Kadınları bilirsiniz hani bazen depresif bir ruh haline bürünürler. İşte öyle bir günümdeydim. Buğulu gözlerle bakıyordum çevreme biri höt dese zırıl zırıl ağlayacağım. Sebebini sorsanız söyleyemem çünkü ben de bilmiyordum.Öyle işte...ağlayasım vardı sadece.
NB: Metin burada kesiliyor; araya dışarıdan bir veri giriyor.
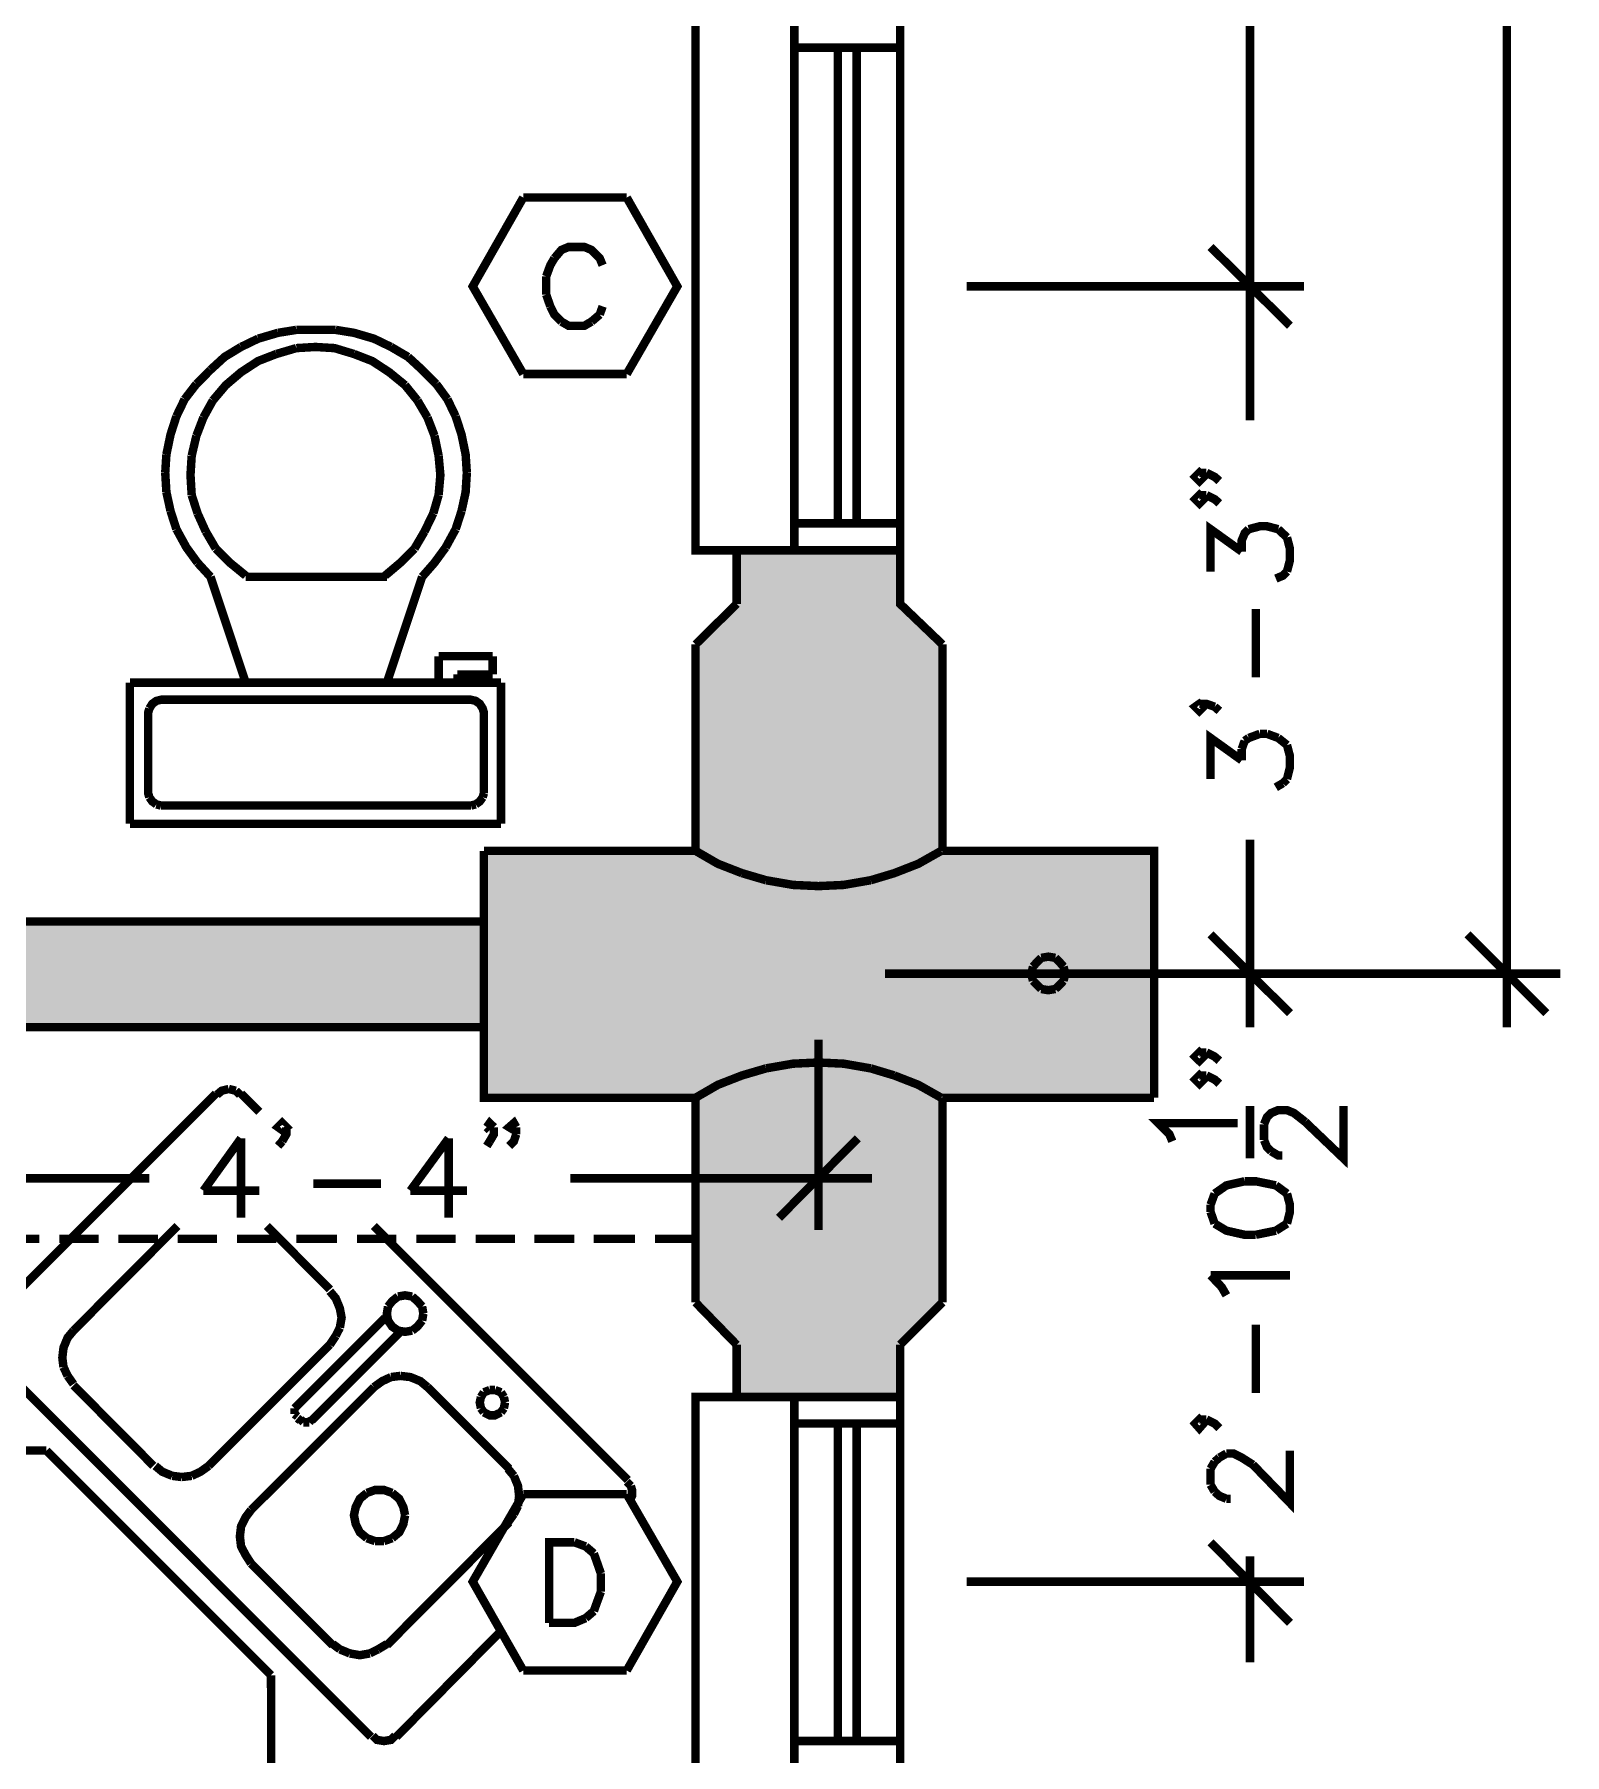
# Model space of a CAD drawing. Header units: millimetres. Extents: x 31 to 857, y 6 to 562.
# Drawn here: x 664 to 709.9, y 392.4 to 444 of the extents above; entities that cross this region are included whole.
import ezdxf

# ---------------------------------------------------------------- set-up
doc = ezdxf.new("R2010")
doc.units = ezdxf.units.MM
doc.layers.add('H', color=7, linetype='Continuous')
doc.layers.add('P', color=7, linetype='Continuous')

msp = doc.modelspace()

# ---------------------------------------------------------------- hatches: boundary and pattern name
at = {"layer": 'H', "linetype": 'Continuous'}
for points in [[(685.077, 426.896), (685.077, 428.502), (689.998, 426.896), (685.077, 426.896)], [(689.998, 426.896), (685.077, 428.502), (689.998, 428.502), (689.998, 426.896)], [(683.86, 425.662), (685.077, 426.896), (691.268, 425.662), (683.86, 425.662)], [(691.268, 425.662), (685.077, 426.896), (689.998, 426.896), (691.268, 425.662)], [(683.86, 419.488), (683.86, 425.662), (691.268, 419.488), (683.86, 419.488)], [(691.268, 419.488), (683.86, 425.662), (691.268, 425.662), (691.268, 419.488)], [(677.51, 419.012), (677.51, 419.488), (684.706, 419.012), (677.51, 419.012)], [(684.706, 419.012), (677.51, 419.488), (683.86, 419.488), (684.706, 419.012)], [(684.706, 419.012), (683.86, 419.488), (690.368, 419.012), (684.706, 419.012)], [(690.368, 419.012), (683.86, 419.488), (691.268, 419.488), (690.368, 419.012)], [(690.368, 419.012), (691.268, 419.488), (697.618, 419.012), (690.368, 419.012)], [(697.618, 419.012), (691.268, 419.488), (697.618, 419.488), (697.618, 419.012)], [(677.51, 418.677), (677.51, 419.012), (685.588, 418.677), (677.51, 418.677)], [(685.588, 418.677), (677.51, 419.012), (684.706, 419.012), (685.588, 418.677)], [(677.51, 418.518), (677.51, 418.677), (686.558, 418.518), (677.51, 418.518)], [(686.558, 418.518), (677.51, 418.677), (685.588, 418.677), (686.558, 418.518)], [(677.51, 418.43), (677.51, 418.518), (687.529, 418.43), (677.51, 418.43)], [(687.529, 418.43), (677.51, 418.518), (686.558, 418.518), (687.529, 418.43)], [(685.588, 418.677), (684.706, 419.012), (689.487, 418.677), (685.588, 418.677)], [(689.487, 418.677), (684.706, 419.012), (690.368, 419.012), (689.487, 418.677)], [(686.558, 418.518), (685.588, 418.677), (688.516, 418.518), (686.558, 418.518)], [(688.516, 418.518), (685.588, 418.677), (689.487, 418.677), (688.516, 418.518)], [(687.529, 418.43), (686.558, 418.518), (688.516, 418.518), (687.529, 418.43)], [(687.529, 418.43), (688.516, 418.518), (697.618, 418.43), (687.529, 418.43)], [(688.516, 418.518), (689.487, 418.677), (697.618, 418.518), (688.516, 418.518)], [(697.618, 418.43), (688.516, 418.518), (697.618, 418.518), (697.618, 418.43)], [(689.487, 418.677), (690.368, 419.012), (697.618, 418.677), (689.487, 418.677)], [(697.618, 418.518), (689.487, 418.677), (697.618, 418.677), (697.618, 418.518)], [(697.618, 418.677), (690.368, 419.012), (697.618, 419.012), (697.618, 418.677)], [(677.51, 413.173), (677.51, 418.43), (697.618, 413.173), (677.51, 413.173)], [(697.618, 413.173), (677.51, 418.43), (697.618, 418.43), (697.618, 413.173)], [(619.795, 414.196), (619.795, 417.371), (677.51, 414.196), (619.795, 414.196)], [(677.51, 414.196), (619.795, 417.371), (677.51, 417.371), (677.51, 414.196)], [(693.879, 415.89), (693.932, 415.96), (694.937, 415.89), (693.879, 415.89)], [(693.932, 415.96), (693.967, 416.048), (694.902, 415.96), (693.932, 415.96)], [(694.937, 415.89), (693.932, 415.96), (694.902, 415.96), (694.937, 415.89)], [(693.967, 416.048), (694.02, 416.137), (694.866, 416.048), (693.967, 416.048)], [(694.902, 415.96), (693.967, 416.048), (694.866, 416.048), (694.902, 415.96)], [(694.02, 416.137), (694.09, 416.225), (694.813, 416.137), (694.02, 416.137)], [(694.866, 416.048), (694.02, 416.137), (694.813, 416.137), (694.866, 416.048)], [(694.09, 416.225), (694.178, 416.26), (694.725, 416.225), (694.09, 416.225)], [(694.813, 416.137), (694.09, 416.225), (694.725, 416.225), (694.813, 416.137)], [(694.178, 416.26), (694.267, 416.313), (694.655, 416.26), (694.178, 416.26)], [(694.725, 416.225), (694.178, 416.26), (694.655, 416.26), (694.725, 416.225)], [(694.655, 416.26), (694.267, 416.313), (694.567, 416.313), (694.655, 416.26)], [(694.937, 415.802), (693.879, 415.89), (694.937, 415.89), (694.937, 415.802)], [(693.879, 415.802), (693.879, 415.89), (694.937, 415.802), (693.879, 415.802)], [(694.937, 415.678), (693.879, 415.802), (694.937, 415.802), (694.937, 415.678)], [(693.879, 415.678), (693.879, 415.802), (694.937, 415.678), (693.879, 415.678)], [(694.902, 415.59), (693.879, 415.678), (694.937, 415.678), (694.902, 415.59)], [(693.932, 415.59), (693.879, 415.678), (694.902, 415.59), (693.932, 415.59)], [(694.866, 415.502), (693.932, 415.59), (694.902, 415.59), (694.866, 415.502)], [(693.967, 415.502), (693.932, 415.59), (694.866, 415.502), (693.967, 415.502)], [(694.778, 415.413), (693.967, 415.502), (694.866, 415.502), (694.778, 415.413)], [(694.055, 415.413), (693.967, 415.502), (694.778, 415.413), (694.055, 415.413)], [(694.725, 415.343), (694.055, 415.413), (694.778, 415.413), (694.725, 415.343)], [(694.143, 415.343), (694.055, 415.413), (694.725, 415.343), (694.143, 415.343)], [(694.602, 415.29), (694.143, 415.343), (694.725, 415.343), (694.602, 415.29)], [(694.231, 415.29), (694.143, 415.343), (694.602, 415.29), (694.231, 415.29)], [(694.443, 415.255), (694.302, 415.29), (694.514, 415.29), (694.443, 415.255)], [(677.51, 413.085), (677.51, 413.173), (686.558, 413.085), (677.51, 413.085)], [(686.558, 413.085), (677.51, 413.173), (687.529, 413.173), (686.558, 413.085)], [(677.51, 412.873), (677.51, 413.085), (685.588, 412.873), (677.51, 412.873)], [(685.588, 412.873), (677.51, 413.085), (686.558, 413.085), (685.588, 412.873)], [(677.51, 412.538), (677.51, 412.873), (684.706, 412.538), (677.51, 412.538)], [(684.706, 412.538), (677.51, 412.873), (685.588, 412.873), (684.706, 412.538)], [(684.706, 412.538), (685.588, 412.873), (690.368, 412.538), (684.706, 412.538)], [(685.588, 412.873), (686.558, 413.085), (689.487, 412.873), (685.588, 412.873)], [(690.368, 412.538), (685.588, 412.873), (689.487, 412.873), (690.368, 412.538)], [(686.558, 413.085), (687.529, 413.173), (688.516, 413.085), (686.558, 413.085)], [(689.487, 412.873), (686.558, 413.085), (688.516, 413.085), (689.487, 412.873)], [(688.516, 413.085), (687.529, 413.173), (697.618, 413.085), (688.516, 413.085)], [(697.618, 413.085), (687.529, 413.173), (697.618, 413.173), (697.618, 413.085)], [(689.487, 412.873), (688.516, 413.085), (697.618, 412.873), (689.487, 412.873)], [(697.618, 412.873), (688.516, 413.085), (697.618, 413.085), (697.618, 412.873)], [(690.368, 412.538), (689.487, 412.873), (697.618, 412.538), (690.368, 412.538)], [(697.618, 412.538), (689.487, 412.873), (697.618, 412.873), (697.618, 412.538)], [(677.51, 412.08), (677.51, 412.538), (683.86, 412.08), (677.51, 412.08)], [(683.86, 412.08), (677.51, 412.538), (684.706, 412.538), (683.86, 412.08)], [(683.86, 412.08), (684.706, 412.538), (691.268, 412.08), (683.86, 412.08)], [(691.268, 412.08), (684.706, 412.538), (690.368, 412.538), (691.268, 412.08)], [(691.268, 412.08), (690.368, 412.538), (697.618, 412.08), (691.268, 412.08)], [(697.618, 412.08), (690.368, 412.538), (697.618, 412.538), (697.618, 412.08)], [(683.86, 405.941), (683.86, 412.08), (691.268, 405.941), (683.86, 405.941)], [(691.268, 405.941), (683.86, 412.08), (691.268, 412.08), (691.268, 405.941)], [(685.077, 404.671), (683.86, 405.941), (689.998, 404.671), (685.077, 404.671)], [(689.998, 404.671), (683.86, 405.941), (691.268, 405.941), (689.998, 404.671)], [(685.077, 403.102), (685.077, 404.671), (689.998, 403.102), (685.077, 403.102)], [(689.998, 403.102), (685.077, 404.671), (689.998, 404.671), (689.998, 403.102)]]:
    msp.add_hatch(color=256, dxfattribs=at).paths.add_polyline_path(points)

# ---------------------------------------------------------------- linework, layer by layer
at = {"layer": 'P', "const_width": 0.254}
for points in [[(700.476, 434.852), (700.476, 450.779)], [(700.476, 434.852), (700.476, 450.779)], [(708.184, 414.196), (708.184, 449.88)], [(683.842, 444.377), (683.842, 428.502), (689.98, 428.502), (689.98, 444.377), (683.842, 444.377), (683.842, 444.377)], [(683.842, 444.377), (683.842, 428.502), (689.98, 428.502), (689.98, 444.377), (683.842, 444.377), (683.842, 444.377)], [(689.98, 444.377), (686.805, 444.377), (686.805, 428.502)], [(689.98, 444.377), (686.805, 444.377), (686.805, 428.502)], [(689.98, 443.583), (686.805, 443.583)], [(689.98, 443.583), (686.805, 443.583)], [(688.111, 443.583), (688.111, 429.313)], [(688.111, 443.583), (688.111, 429.313)], [(688.675, 443.583), (688.675, 429.313)], [(688.675, 443.583), (688.675, 429.313)], [(678.674, 433.793), (677.157, 436.421), (678.674, 439.085)], [(678.674, 439.085), (681.778, 439.085)], [(678.674, 439.085), (678.674, 439.085)], [(681.778, 439.085), (683.295, 436.421), (681.778, 433.793)], [(700.476, 438.027), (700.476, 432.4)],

Fabrikadan bir arkadaşımda el yıkama hastalığı vardı, ama ne hastalık Ne zaman arasak lavabo başında buluyorduk kendisini. Yakın zamanda tedavi görmeye başlamıştı. Sohbetimiz sırasında kendi durumumdan, iç sıkıntımdan bahsettim. İlaçlarını gösterdi ‘Abla bir tane vereyim mi sana?’ dedi. Baktım ilaçlar çok küçük ‘Anacım bu mercimek kadar hap benim gibi kadına ne etsin, sen iki tane ver’ dedim.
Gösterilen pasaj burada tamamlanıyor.